Peoples Dispatch spoke to Rafael Jaime, President of UAW Local 4811, attending the conference alongside several other UAW 4811 members. Recently, the latest attempt by university administrators to stop the strike was thwarted, after a UC injunction claiming the strike was illegal was denied by a California state labor board.
Palestine “is one of the defining issues of our generation,” Jaime told Peoples Dispatch. UC workers are walking off the job because “all of this really is tied up with our own working conditions. If we can’t protest over something so important, such as the ongoing war on Gaza, then it really is an attack on our own, really our fundamental right to protest over anything, to take action over our rights as workers.”
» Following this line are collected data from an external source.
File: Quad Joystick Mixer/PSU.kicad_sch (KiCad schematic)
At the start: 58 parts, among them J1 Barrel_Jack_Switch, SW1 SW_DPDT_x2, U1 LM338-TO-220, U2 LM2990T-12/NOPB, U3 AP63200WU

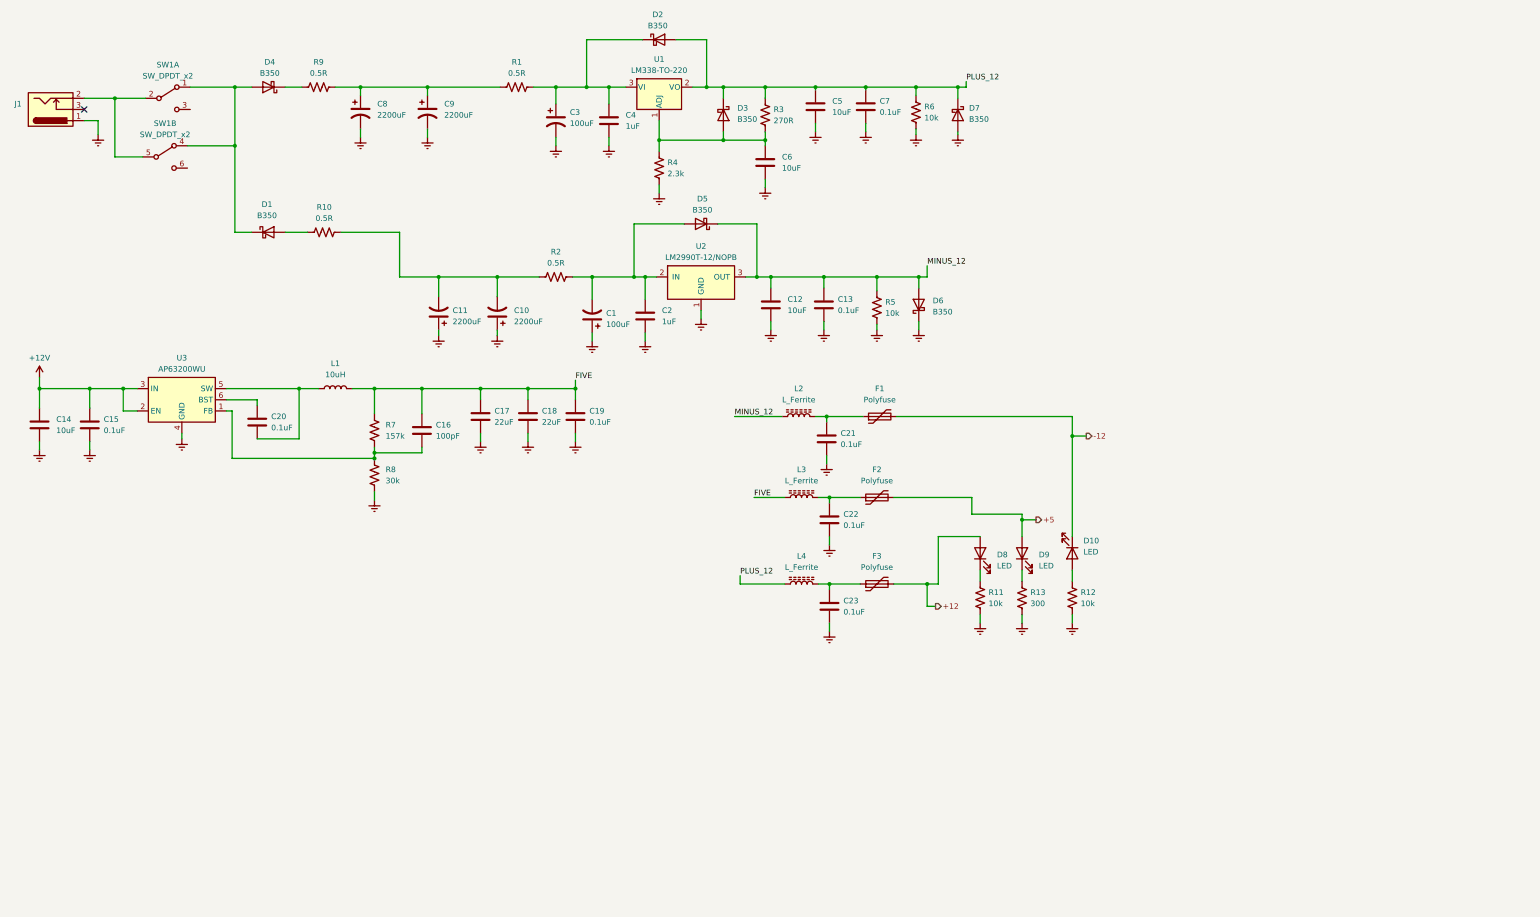
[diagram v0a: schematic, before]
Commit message: add analog 5V rail
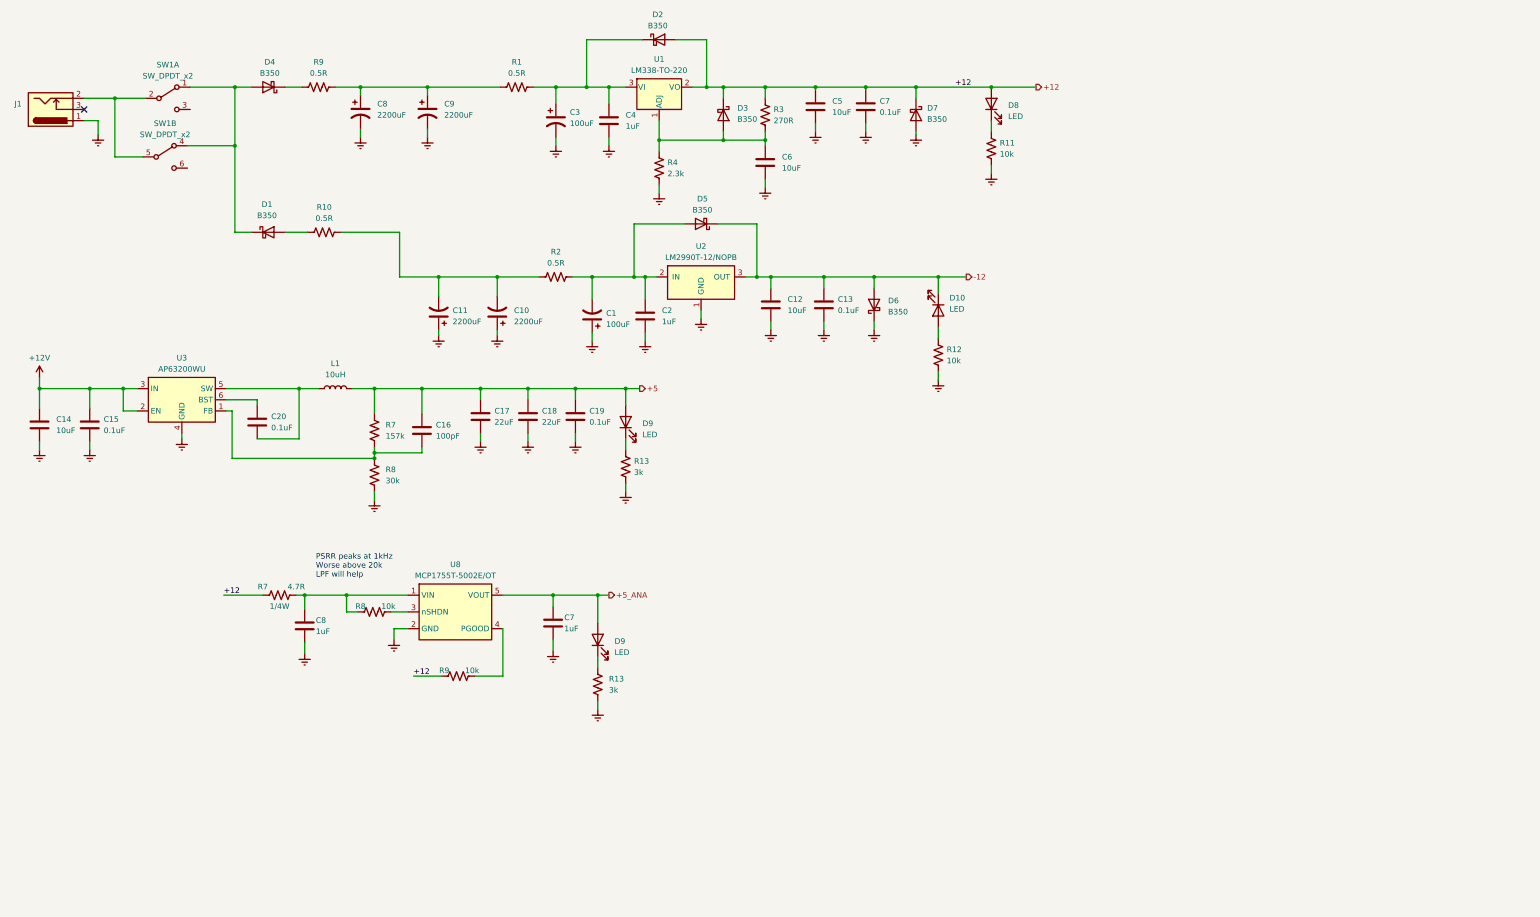
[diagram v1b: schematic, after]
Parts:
- removed C21, C22, C23: 0.1uF, Capacitor_SMD:C_0805_2012Metric_Pad1.18x1.45mm_HandSolder, symbol Device:C
- removed F1, F2, F3: Polyfuse, Fuse:Fuse_1206_3216Metric_Pad1.42x1.75mm_HandSolder, symbol Device:Polyfuse
- removed L2, L3, L4: L_Ferrite, Inductor_SMD:L_0805_2012Metric_Pad1.15x1.40mm_HandSolder, symbol Device:L_Ferrite
- removed R5, R6: 10k, Resistor_SMD:R_0805_2012Metric_Pad1.20x1.40mm_HandSolder, symbol Device:R_US
- added C7, C8: 1uF, Capacitor_SMD:C_0805_2012Metric_Pad1.18x1.45mm_HandSolder, symbol Device:C
- added D9: LED, LED_THT:LED_D3.0mm_FlatTop, symbol Device:LED
- added R13: 3k, Resistor_SMD:R_0805_2012Metric_Pad1.20x1.40mm_HandSolder, symbol Device:R_US
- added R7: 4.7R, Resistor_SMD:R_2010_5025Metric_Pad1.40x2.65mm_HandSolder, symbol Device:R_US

“Our union was one of the first locals to issue a statement in support of a cease fire,” Jaime described. UAW 4811 workers were instrumental to making the larger UAW International “the first major American union to come out in support of a ceasefire,” Jaime said.
A gateway to struggle
The day concluded with a plenary session entitled “Zionism and US Imperialism,” in which panelists analyzed the so-called “special relationship” between Israel and its biggest supporter, the United States. Yara Shoufani, a leader in the Palestinian Youth Movement in Toronto, Canada, gave a detailed analysis on how the US been a key architect in key elements of the oppression of Palestinians, including the formation of the Palestinian Authority as an enforcing arm of the occupation, and the ongoing blockade against Gaza by air, land, and sea. US imperialism also continues to suppress popular movements at home, even by denying visas of speakers at the conference itself.
“We know that US empire is trying to actively intervene against our organizations, against our movements. And this attempt to crush Palestinian revolution here actually should tell us just how powerful we are, and just how much we scare them, because the Palestinian revolution is a gateway to struggle,” Shoufani articulated.